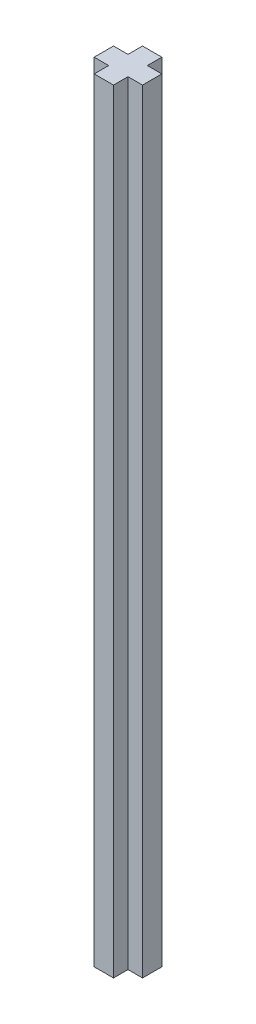
ISO-10303-21;
HEADER;
FILE_DESCRIPTION(('STEP AP214'),'2;1');
FILE_NAME('part.step','',(''),(''),'','','');
FILE_SCHEMA(('AUTOMOTIVE_DESIGN { 1 0 10303 214 1 1 1 1 }'));
ENDSEC;
DATA;
#1=APPLICATION_CONTEXT('core data for automotive mechanical design processes');
#2=APPLICATION_PROTOCOL_DEFINITION('international standard','automotive_design',2000,#1);
#3=PRODUCT_CONTEXT('',#1,'mechanical');
#4=PRODUCT('Part','Part','',(#3));
#5=PRODUCT_RELATED_PRODUCT_CATEGORY('part','',(#4));
#6=PRODUCT_DEFINITION_FORMATION('','',#4);
#7=PRODUCT_DEFINITION_CONTEXT('part definition',#1,'design');
#8=PRODUCT_DEFINITION('design','',#6,#7);
#9=PRODUCT_DEFINITION_SHAPE('','',#8);
#10=(LENGTH_UNIT() NAMED_UNIT(*) SI_UNIT(.MILLI.,.METRE.));
#11=(NAMED_UNIT(*) PLANE_ANGLE_UNIT() SI_UNIT($,.RADIAN.));
#12=(NAMED_UNIT(*) SI_UNIT($,.STERADIAN.) SOLID_ANGLE_UNIT());
#13=UNCERTAINTY_MEASURE_WITH_UNIT(LENGTH_MEASURE(1.E-05),#10,'distance_accuracy_value','');
#14=(GEOMETRIC_REPRESENTATION_CONTEXT(3) GLOBAL_UNCERTAINTY_ASSIGNED_CONTEXT((#13)) GLOBAL_UNIT_ASSIGNED_CONTEXT((#10,
#11,#12)) REPRESENTATION_CONTEXT('',''));
#15=CARTESIAN_POINT('',(0.,0.,0.));
#16=DIRECTION('',(0.,0.,1.));
#17=DIRECTION('',(1.,0.,0.));
#18=AXIS2_PLACEMENT_3D('',#15,#16,#17);
#19=CARTESIAN_POINT('',(1.,80.,0.999999999999999));
#20=DIRECTION('',(-1.,0.,0.));
#21=DIRECTION('',(0.,0.,1.));
#22=AXIS2_PLACEMENT_3D('',#19,#20,#21);
#23=PLANE('',#22);
#24=DIRECTION('',(0.,0.,-1.));
#25=VECTOR('',#24,1.);
#26=CARTESIAN_POINT('',(1.,0.,0.999999999999999));
#27=LINE('',#26,#25);
#28=CARTESIAN_POINT('',(1.,0.,2.5));
#29=VERTEX_POINT('',#28);
#30=CARTESIAN_POINT('',(1.,0.,0.999999999999999));
#31=VERTEX_POINT('',#30);
#32=EDGE_CURVE('E163',#29,#31,#27,.T.);
#33=ORIENTED_EDGE('',*,*,#32,.T.);
#34=DIRECTION('',(0.,-1.,0.));
#35=VECTOR('',#34,1.);
#36=CARTESIAN_POINT('',(1.,80.,0.999999999999999));
#37=LINE('',#36,#35);
#38=CARTESIAN_POINT('',(1.,80.,0.999999999999999));
#39=VERTEX_POINT('',#38);
#40=EDGE_CURVE('E11',#39,#31,#37,.T.);
#41=ORIENTED_EDGE('',*,*,#40,.F.);
#42=DIRECTION('',(0.,0.,-1.));
#43=VECTOR('',#42,1.);
#44=CARTESIAN_POINT('',(1.,80.,0.999999999999999));
#45=LINE('',#44,#43);
#46=CARTESIAN_POINT('',(1.,80.,2.5));
#47=VERTEX_POINT('',#46);
#48=EDGE_CURVE('E197',#47,#39,#45,.T.);
#49=ORIENTED_EDGE('',*,*,#48,.F.);
#50=DIRECTION('',(0.,-1.,0.));
#51=VECTOR('',#50,1.);
#52=CARTESIAN_POINT('',(1.,80.,2.5));
#53=LINE('',#52,#51);
#54=EDGE_CURVE('E159',#47,#29,#53,.T.);
#55=ORIENTED_EDGE('',*,*,#54,.T.);
#56=EDGE_LOOP('',(#33,#41,#49,#55));
#57=FACE_BOUND('',#56,.T.);
#58=ADVANCED_FACE('F38',(#57),#23,.F.);
#59=CARTESIAN_POINT('',(1.,80.,0.999999999999999));
#60=DIRECTION('',(0.,0.,-1.));
#61=DIRECTION('',(-1.,0.,0.));
#62=AXIS2_PLACEMENT_3D('',#59,#60,#61);
#63=PLANE('',#62);
#64=DIRECTION('',(1.,0.,0.));
#65=VECTOR('',#64,1.);
#66=CARTESIAN_POINT('',(1.,0.,0.999999999999999));
#67=LINE('',#66,#65);
#68=CARTESIAN_POINT('',(2.5,0.,0.999999999999999));
#69=VERTEX_POINT('',#68);
#70=EDGE_CURVE('E167',#31,#69,#67,.T.);
#71=ORIENTED_EDGE('',*,*,#70,.T.);
#72=DIRECTION('',(0.,-1.,0.));
#73=VECTOR('',#72,1.);
#74=CARTESIAN_POINT('',(2.5,80.,0.999999999999999));
#75=LINE('',#74,#73);
#76=CARTESIAN_POINT('',(2.5,80.,0.999999999999999));
#77=VERTEX_POINT('',#76);
#78=EDGE_CURVE('E47',#77,#69,#75,.T.);
#79=ORIENTED_EDGE('',*,*,#78,.F.);
#80=DIRECTION('',(1.,0.,0.));
#81=VECTOR('',#80,1.);
#82=CARTESIAN_POINT('',(1.,80.,0.999999999999999));
#83=LINE('',#82,#81);
#84=EDGE_CURVE('E110',#39,#77,#83,.T.);
#85=ORIENTED_EDGE('',*,*,#84,.F.);
#86=ORIENTED_EDGE('',*,*,#40,.T.);
#87=EDGE_LOOP('',(#71,#79,#85,#86));
#88=FACE_BOUND('',#87,.T.);
#89=ADVANCED_FACE('F291',(#88),#63,.F.);
#90=CARTESIAN_POINT('',(2.5,80.,-1.));
#91=DIRECTION('',(-1.,0.,0.));
#92=DIRECTION('',(0.,0.,1.));
#93=AXIS2_PLACEMENT_3D('',#90,#91,#92);
#94=PLANE('',#93);
#95=DIRECTION('',(0.,0.,-1.));
#96=VECTOR('',#95,1.);
#97=CARTESIAN_POINT('',(2.5,0.,-1.));
#98=LINE('',#97,#96);
#99=CARTESIAN_POINT('',(2.5,0.,-1.));
#100=VERTEX_POINT('',#99);
#101=EDGE_CURVE('E170',#69,#100,#98,.T.);
#102=ORIENTED_EDGE('',*,*,#101,.T.);
#103=DIRECTION('',(0.,-1.,0.));
#104=VECTOR('',#103,1.);
#105=CARTESIAN_POINT('',(2.5,80.,-1.));
#106=LINE('',#105,#104);
#107=CARTESIAN_POINT('',(2.5,80.,-1.));
#108=VERTEX_POINT('',#107);
#109=EDGE_CURVE('E224',#108,#100,#106,.T.);
#110=ORIENTED_EDGE('',*,*,#109,.F.);
#111=DIRECTION('',(0.,0.,-1.));
#112=VECTOR('',#111,1.);
#113=CARTESIAN_POINT('',(2.5,80.,-1.));
#114=LINE('',#113,#112);
#115=EDGE_CURVE('E234',#77,#108,#114,.T.);
#116=ORIENTED_EDGE('',*,*,#115,.F.);
#117=ORIENTED_EDGE('',*,*,#78,.T.);
#118=EDGE_LOOP('',(#102,#110,#116,#117));
#119=FACE_BOUND('',#118,.T.);
#120=ADVANCED_FACE('F232',(#119),#94,.F.);
#121=CARTESIAN_POINT('',(1.,80.,-1.));
#122=DIRECTION('',(0.,0.,1.));
#123=DIRECTION('',(1.,0.,0.));
#124=AXIS2_PLACEMENT_3D('',#121,#122,#123);
#125=PLANE('',#124);
#126=DIRECTION('',(-1.,0.,0.));
#127=VECTOR('',#126,1.);
#128=CARTESIAN_POINT('',(1.,0.,-1.));
#129=LINE('',#128,#127);
#130=CARTESIAN_POINT('',(1.,0.,-1.));
#131=VERTEX_POINT('',#130);
#132=EDGE_CURVE('E173',#100,#131,#129,.T.);
#133=ORIENTED_EDGE('',*,*,#132,.T.);
#134=DIRECTION('',(0.,-1.,0.));
#135=VECTOR('',#134,1.);
#136=CARTESIAN_POINT('',(1.,80.,-1.));
#137=LINE('',#136,#135);
#138=CARTESIAN_POINT('',(1.,80.,-1.));
#139=VERTEX_POINT('',#138);
#140=EDGE_CURVE('E220',#139,#131,#137,.T.);
#141=ORIENTED_EDGE('',*,*,#140,.F.);
#142=DIRECTION('',(-1.,0.,0.));
#143=VECTOR('',#142,1.);
#144=CARTESIAN_POINT('',(1.,80.,-1.));
#145=LINE('',#144,#143);
#146=EDGE_CURVE('E253',#108,#139,#145,.T.);
#147=ORIENTED_EDGE('',*,*,#146,.F.);
#148=ORIENTED_EDGE('',*,*,#109,.T.);
#149=EDGE_LOOP('',(#133,#141,#147,#148));
#150=FACE_BOUND('',#149,.T.);
#151=ADVANCED_FACE('F243',(#150),#125,.F.);
#152=CARTESIAN_POINT('',(1.,80.,-2.5));
#153=DIRECTION('',(-1.,0.,0.));
#154=DIRECTION('',(0.,0.,1.));
#155=AXIS2_PLACEMENT_3D('',#152,#153,#154);
#156=PLANE('',#155);
#157=DIRECTION('',(0.,0.,-1.));
#158=VECTOR('',#157,1.);
#159=CARTESIAN_POINT('',(1.,0.,-2.5));
#160=LINE('',#159,#158);
#161=CARTESIAN_POINT('',(1.,0.,-2.5));
#162=VERTEX_POINT('',#161);
#163=EDGE_CURVE('E176',#131,#162,#160,.T.);
#164=ORIENTED_EDGE('',*,*,#163,.T.);
#165=DIRECTION('',(0.,-1.,0.));
#166=VECTOR('',#165,1.);
#167=CARTESIAN_POINT('',(1.,80.,-2.5));
#168=LINE('',#167,#166);
#169=CARTESIAN_POINT('',(1.,80.,-2.5));
#170=VERTEX_POINT('',#169);
#171=EDGE_CURVE('E216',#170,#162,#168,.T.);
#172=ORIENTED_EDGE('',*,*,#171,.F.);
#173=DIRECTION('',(0.,0.,-1.));
#174=VECTOR('',#173,1.);
#175=CARTESIAN_POINT('',(1.,80.,-2.5));
#176=LINE('',#175,#174);
#177=EDGE_CURVE('E249',#139,#170,#176,.T.);
#178=ORIENTED_EDGE('',*,*,#177,.F.);
#179=ORIENTED_EDGE('',*,*,#140,.T.);
#180=EDGE_LOOP('',(#164,#172,#178,#179));
#181=FACE_BOUND('',#180,.T.);
#182=ADVANCED_FACE('F247',(#181),#156,.F.);
#183=CARTESIAN_POINT('',(-1.,80.,-2.5));
#184=DIRECTION('',(0.,0.,1.));
#185=DIRECTION('',(1.,0.,0.));
#186=AXIS2_PLACEMENT_3D('',#183,#184,#185);
#187=PLANE('',#186);
#188=DIRECTION('',(-1.,0.,0.));
#189=VECTOR('',#188,1.);
#190=CARTESIAN_POINT('',(-1.,0.,-2.5));
#191=LINE('',#190,#189);
#192=CARTESIAN_POINT('',(-1.,0.,-2.5));
#193=VERTEX_POINT('',#192);
#194=EDGE_CURVE('E179',#162,#193,#191,.T.);
#195=ORIENTED_EDGE('',*,*,#194,.T.);
#196=DIRECTION('',(0.,-1.,0.));
#197=VECTOR('',#196,1.);
#198=CARTESIAN_POINT('',(-1.,80.,-2.5));
#199=LINE('',#198,#197);
#200=CARTESIAN_POINT('',(-1.,80.,-2.5));
#201=VERTEX_POINT('',#200);
#202=EDGE_CURVE('E212',#201,#193,#199,.T.);
#203=ORIENTED_EDGE('',*,*,#202,.F.);
#204=DIRECTION('',(-1.,0.,0.));
#205=VECTOR('',#204,1.);
#206=CARTESIAN_POINT('',(-1.,80.,-2.5));
#207=LINE('',#206,#205);
#208=EDGE_CURVE('E252',#170,#201,#207,.T.);
#209=ORIENTED_EDGE('',*,*,#208,.F.);
#210=ORIENTED_EDGE('',*,*,#171,.T.);
#211=EDGE_LOOP('',(#195,#203,#209,#210));
#212=FACE_BOUND('',#211,.T.);
#213=ADVANCED_FACE('F304',(#212),#187,.F.);
#214=CARTESIAN_POINT('',(-1.,80.,-2.5));
#215=DIRECTION('',(1.,0.,0.));
#216=DIRECTION('',(0.,0.,-1.));
#217=AXIS2_PLACEMENT_3D('',#214,#215,#216);
#218=PLANE('',#217);
#219=DIRECTION('',(0.,0.,1.));
#220=VECTOR('',#219,1.);
#221=CARTESIAN_POINT('',(-1.,0.,-2.5));
#222=LINE('',#221,#220);
#223=CARTESIAN_POINT('',(-1.,0.,-1.));
#224=VERTEX_POINT('',#223);
#225=EDGE_CURVE('E182',#193,#224,#222,.T.);
#226=ORIENTED_EDGE('',*,*,#225,.T.);
#227=DIRECTION('',(0.,-1.,0.));
#228=VECTOR('',#227,1.);
#229=CARTESIAN_POINT('',(-1.,80.,-1.));
#230=LINE('',#229,#228);
#231=CARTESIAN_POINT('',(-1.,80.,-1.));
#232=VERTEX_POINT('',#231);
#233=EDGE_CURVE('E208',#232,#224,#230,.T.);
#234=ORIENTED_EDGE('',*,*,#233,.F.);
#235=DIRECTION('',(0.,0.,1.));
#236=VECTOR('',#235,1.);
#237=CARTESIAN_POINT('',(-1.,80.,-2.5));
#238=LINE('',#237,#236);
#239=EDGE_CURVE('E257',#201,#232,#238,.T.);
#240=ORIENTED_EDGE('',*,*,#239,.F.);
#241=ORIENTED_EDGE('',*,*,#202,.T.);
#242=EDGE_LOOP('',(#226,#234,#240,#241));
#243=FACE_BOUND('',#242,.T.);
#244=ADVANCED_FACE('F307',(#243),#218,.F.);
#245=CARTESIAN_POINT('',(-2.5,80.,-1.));
#246=DIRECTION('',(0.,0.,1.));
#247=DIRECTION('',(1.,0.,0.));
#248=AXIS2_PLACEMENT_3D('',#245,#246,#247);
#249=PLANE('',#248);
#250=DIRECTION('',(-1.,0.,0.));
#251=VECTOR('',#250,1.);
#252=CARTESIAN_POINT('',(-2.5,0.,-1.));
#253=LINE('',#252,#251);
#254=CARTESIAN_POINT('',(-2.5,0.,-1.));
#255=VERTEX_POINT('',#254);
#256=EDGE_CURVE('E185',#224,#255,#253,.T.);
#257=ORIENTED_EDGE('',*,*,#256,.T.);
#258=DIRECTION('',(0.,-1.,0.));
#259=VECTOR('',#258,1.);
#260=CARTESIAN_POINT('',(-2.5,80.,-1.));
#261=LINE('',#260,#259);
#262=CARTESIAN_POINT('',(-2.5,80.,-1.));
#263=VERTEX_POINT('',#262);
#264=EDGE_CURVE('E204',#263,#255,#261,.T.);
#265=ORIENTED_EDGE('',*,*,#264,.F.);
#266=DIRECTION('',(-1.,0.,0.));
#267=VECTOR('',#266,1.);
#268=CARTESIAN_POINT('',(-2.5,80.,-1.));
#269=LINE('',#268,#267);
#270=EDGE_CURVE('E264',#232,#263,#269,.T.);
#271=ORIENTED_EDGE('',*,*,#270,.F.);
#272=ORIENTED_EDGE('',*,*,#233,.T.);
#273=EDGE_LOOP('',(#257,#265,#271,#272));
#274=FACE_BOUND('',#273,.T.);
#275=ADVANCED_FACE('F272',(#274),#249,.F.);
#276=CARTESIAN_POINT('',(-2.5,80.,-1.));
#277=DIRECTION('',(1.,0.,0.));
#278=DIRECTION('',(0.,0.,-1.));
#279=AXIS2_PLACEMENT_3D('',#276,#277,#278);
#280=PLANE('',#279);
#281=DIRECTION('',(0.,0.,1.));
#282=VECTOR('',#281,1.);
#283=CARTESIAN_POINT('',(-2.5,0.,-1.));
#284=LINE('',#283,#282);
#285=CARTESIAN_POINT('',(-2.5,0.,0.999999999999999));
#286=VERTEX_POINT('',#285);
#287=EDGE_CURVE('E188',#255,#286,#284,.T.);
#288=ORIENTED_EDGE('',*,*,#287,.T.);
#289=DIRECTION('',(0.,-1.,0.));
#290=VECTOR('',#289,1.);
#291=CARTESIAN_POINT('',(-2.5,80.,0.999999999999999));
#292=LINE('',#291,#290);
#293=CARTESIAN_POINT('',(-2.5,80.,0.999999999999999));
#294=VERTEX_POINT('',#293);
#295=EDGE_CURVE('E152',#294,#286,#292,.T.);
#296=ORIENTED_EDGE('',*,*,#295,.F.);
#297=DIRECTION('',(0.,0.,1.));
#298=VECTOR('',#297,1.);
#299=CARTESIAN_POINT('',(-2.5,80.,-1.));
#300=LINE('',#299,#298);
#301=EDGE_CURVE('E141',#263,#294,#300,.T.);
#302=ORIENTED_EDGE('',*,*,#301,.F.);
#303=ORIENTED_EDGE('',*,*,#264,.T.);
#304=EDGE_LOOP('',(#288,#296,#302,#303));
#305=FACE_BOUND('',#304,.T.);
#306=ADVANCED_FACE('F276',(#305),#280,.F.);
#307=CARTESIAN_POINT('',(-2.5,80.,0.999999999999999));
#308=DIRECTION('',(0.,0.,-1.));
#309=DIRECTION('',(-1.,0.,0.));
#310=AXIS2_PLACEMENT_3D('',#307,#308,#309);
#311=PLANE('',#310);
#312=DIRECTION('',(1.,0.,0.));
#313=VECTOR('',#312,1.);
#314=CARTESIAN_POINT('',(-2.5,0.,0.999999999999999));
#315=LINE('',#314,#313);
#316=CARTESIAN_POINT('',(-1.,0.,0.999999999999999));
#317=VERTEX_POINT('',#316);
#318=EDGE_CURVE('E150',#286,#317,#315,.T.);
#319=ORIENTED_EDGE('',*,*,#318,.T.);
#320=DIRECTION('',(0.,-1.,0.));
#321=VECTOR('',#320,1.);
#322=CARTESIAN_POINT('',(-1.,80.,0.999999999999999));
#323=LINE('',#322,#321);
#324=CARTESIAN_POINT('',(-1.,80.,0.999999999999999));
#325=VERTEX_POINT('',#324);
#326=EDGE_CURVE('E147',#325,#317,#323,.T.);
#327=ORIENTED_EDGE('',*,*,#326,.F.);
#328=DIRECTION('',(1.,0.,0.));
#329=VECTOR('',#328,1.);
#330=CARTESIAN_POINT('',(-2.5,80.,0.999999999999999));
#331=LINE('',#330,#329);
#332=EDGE_CURVE('E135',#294,#325,#331,.T.);
#333=ORIENTED_EDGE('',*,*,#332,.F.);
#334=ORIENTED_EDGE('',*,*,#295,.T.);
#335=EDGE_LOOP('',(#319,#327,#333,#334));
#336=FACE_BOUND('',#335,.T.);
#337=ADVANCED_FACE('F148',(#336),#311,.F.);
#338=CARTESIAN_POINT('',(-1.,80.,0.999999999999999));
#339=DIRECTION('',(1.,0.,0.));
#340=DIRECTION('',(0.,0.,-1.));
#341=AXIS2_PLACEMENT_3D('',#338,#339,#340);
#342=PLANE('',#341);
#343=DIRECTION('',(0.,0.,1.));
#344=VECTOR('',#343,1.);
#345=CARTESIAN_POINT('',(-1.,0.,0.999999999999999));
#346=LINE('',#345,#344);
#347=CARTESIAN_POINT('',(-1.,0.,2.5));
#348=VERTEX_POINT('',#347);
#349=EDGE_CURVE('E96',#317,#348,#346,.T.);
#350=ORIENTED_EDGE('',*,*,#349,.T.);
#351=DIRECTION('',(0.,-1.,0.));
#352=VECTOR('',#351,1.);
#353=CARTESIAN_POINT('',(-1.,80.,2.5));
#354=LINE('',#353,#352);
#355=CARTESIAN_POINT('',(-1.,80.,2.5));
#356=VERTEX_POINT('',#355);
#357=EDGE_CURVE('E153',#356,#348,#354,.T.);
#358=ORIENTED_EDGE('',*,*,#357,.F.);
#359=DIRECTION('',(0.,0.,1.));
#360=VECTOR('',#359,1.);
#361=CARTESIAN_POINT('',(-1.,80.,0.999999999999999));
#362=LINE('',#361,#360);
#363=EDGE_CURVE('E139',#325,#356,#362,.T.);
#364=ORIENTED_EDGE('',*,*,#363,.F.);
#365=ORIENTED_EDGE('',*,*,#326,.T.);
#366=EDGE_LOOP('',(#350,#358,#364,#365));
#367=FACE_BOUND('',#366,.T.);
#368=ADVANCED_FACE('F155',(#367),#342,.F.);
#369=CARTESIAN_POINT('',(-1.,80.,2.5));
#370=DIRECTION('',(0.,0.,-1.));
#371=DIRECTION('',(-1.,0.,0.));
#372=AXIS2_PLACEMENT_3D('',#369,#370,#371);
#373=PLANE('',#372);
#374=DIRECTION('',(1.,0.,0.));
#375=VECTOR('',#374,1.);
#376=CARTESIAN_POINT('',(-1.,0.,2.5));
#377=LINE('',#376,#375);
#378=EDGE_CURVE('E102',#348,#29,#377,.T.);
#379=ORIENTED_EDGE('',*,*,#378,.T.);
#380=ORIENTED_EDGE('',*,*,#54,.F.);
#381=DIRECTION('',(1.,0.,0.));
#382=VECTOR('',#381,1.);
#383=CARTESIAN_POINT('',(-1.,80.,2.5));
#384=LINE('',#383,#382);
#385=EDGE_CURVE('E55',#356,#47,#384,.T.);
#386=ORIENTED_EDGE('',*,*,#385,.F.);
#387=ORIENTED_EDGE('',*,*,#357,.T.);
#388=EDGE_LOOP('',(#379,#380,#386,#387));
#389=FACE_BOUND('',#388,.T.);
#390=ADVANCED_FACE('F280',(#389),#373,.F.);
#391=CARTESIAN_POINT('',(0.,80.,0.));
#392=DIRECTION('',(0.,1.,0.));
#393=DIRECTION('',(0.,0.,1.));
#394=AXIS2_PLACEMENT_3D('',#391,#392,#393);
#395=PLANE('',#394);
#396=ORIENTED_EDGE('',*,*,#48,.T.);
#397=ORIENTED_EDGE('',*,*,#84,.T.);
#398=ORIENTED_EDGE('',*,*,#115,.T.);
#399=ORIENTED_EDGE('',*,*,#146,.T.);
#400=ORIENTED_EDGE('',*,*,#177,.T.);
#401=ORIENTED_EDGE('',*,*,#208,.T.);
#402=ORIENTED_EDGE('',*,*,#239,.T.);
#403=ORIENTED_EDGE('',*,*,#270,.T.);
#404=ORIENTED_EDGE('',*,*,#301,.T.);
#405=ORIENTED_EDGE('',*,*,#332,.T.);
#406=ORIENTED_EDGE('',*,*,#363,.T.);
#407=ORIENTED_EDGE('',*,*,#385,.T.);
#408=EDGE_LOOP('',(#396,#397,#398,#399,#400,#401,#402,#403,#404,#405,#406,#407));
#409=FACE_BOUND('',#408,.T.);
#410=ADVANCED_FACE('F137',(#409),#395,.T.);
#411=CARTESIAN_POINT('',(0.,0.,0.));
#412=DIRECTION('',(0.,1.,0.));
#413=DIRECTION('',(0.,0.,1.));
#414=AXIS2_PLACEMENT_3D('',#411,#412,#413);
#415=PLANE('',#414);
#416=ORIENTED_EDGE('',*,*,#32,.F.);
#417=ORIENTED_EDGE('',*,*,#378,.F.);
#418=ORIENTED_EDGE('',*,*,#349,.F.);
#419=ORIENTED_EDGE('',*,*,#318,.F.);
#420=ORIENTED_EDGE('',*,*,#287,.F.);
#421=ORIENTED_EDGE('',*,*,#256,.F.);
#422=ORIENTED_EDGE('',*,*,#225,.F.);
#423=ORIENTED_EDGE('',*,*,#194,.F.);
#424=ORIENTED_EDGE('',*,*,#163,.F.);
#425=ORIENTED_EDGE('',*,*,#132,.F.);
#426=ORIENTED_EDGE('',*,*,#101,.F.);
#427=ORIENTED_EDGE('',*,*,#70,.F.);
#428=EDGE_LOOP('',(#416,#417,#418,#419,#420,#421,#422,#423,#424,#425,#426,#427));
#429=FACE_BOUND('',#428,.T.);
#430=ADVANCED_FACE('F238',(#429),#415,.F.);
#431=CLOSED_SHELL('',(#58,#89,#120,#151,#182,#213,#244,#275,#306,#337,#368,#390,#410,#430));
#432=MANIFOLD_SOLID_BREP('B2',#431);
#433=ADVANCED_BREP_SHAPE_REPRESENTATION('',(#18,#432),#14);
#434=SHAPE_DEFINITION_REPRESENTATION(#9,#433);
ENDSEC;
END-ISO-10303-21;

- **Assignment**
Would you copy, unchanged, the stretch of the records above that begins at the line containing "#226=ORIENTED_EDGE('',*,*,#225,.T.);" and ends at the line containing "#234=ORIENTED_EDGE('',*,*,#233,.F.);", and only that?

- **Expected answer**
#226=ORIENTED_EDGE('',*,*,#225,.T.);
#227=DIRECTION('',(0.,-1.,0.));
#228=VECTOR('',#227,1.);
#229=CARTESIAN_POINT('',(-1.,80.,-1.));
#230=LINE('',#229,#228);
#231=CARTESIAN_POINT('',(-1.,80.,-1.));
#232=VERTEX_POINT('',#231);
#233=EDGE_CURVE('E208',#232,#224,#230,.T.);
#234=ORIENTED_EDGE('',*,*,#233,.F.);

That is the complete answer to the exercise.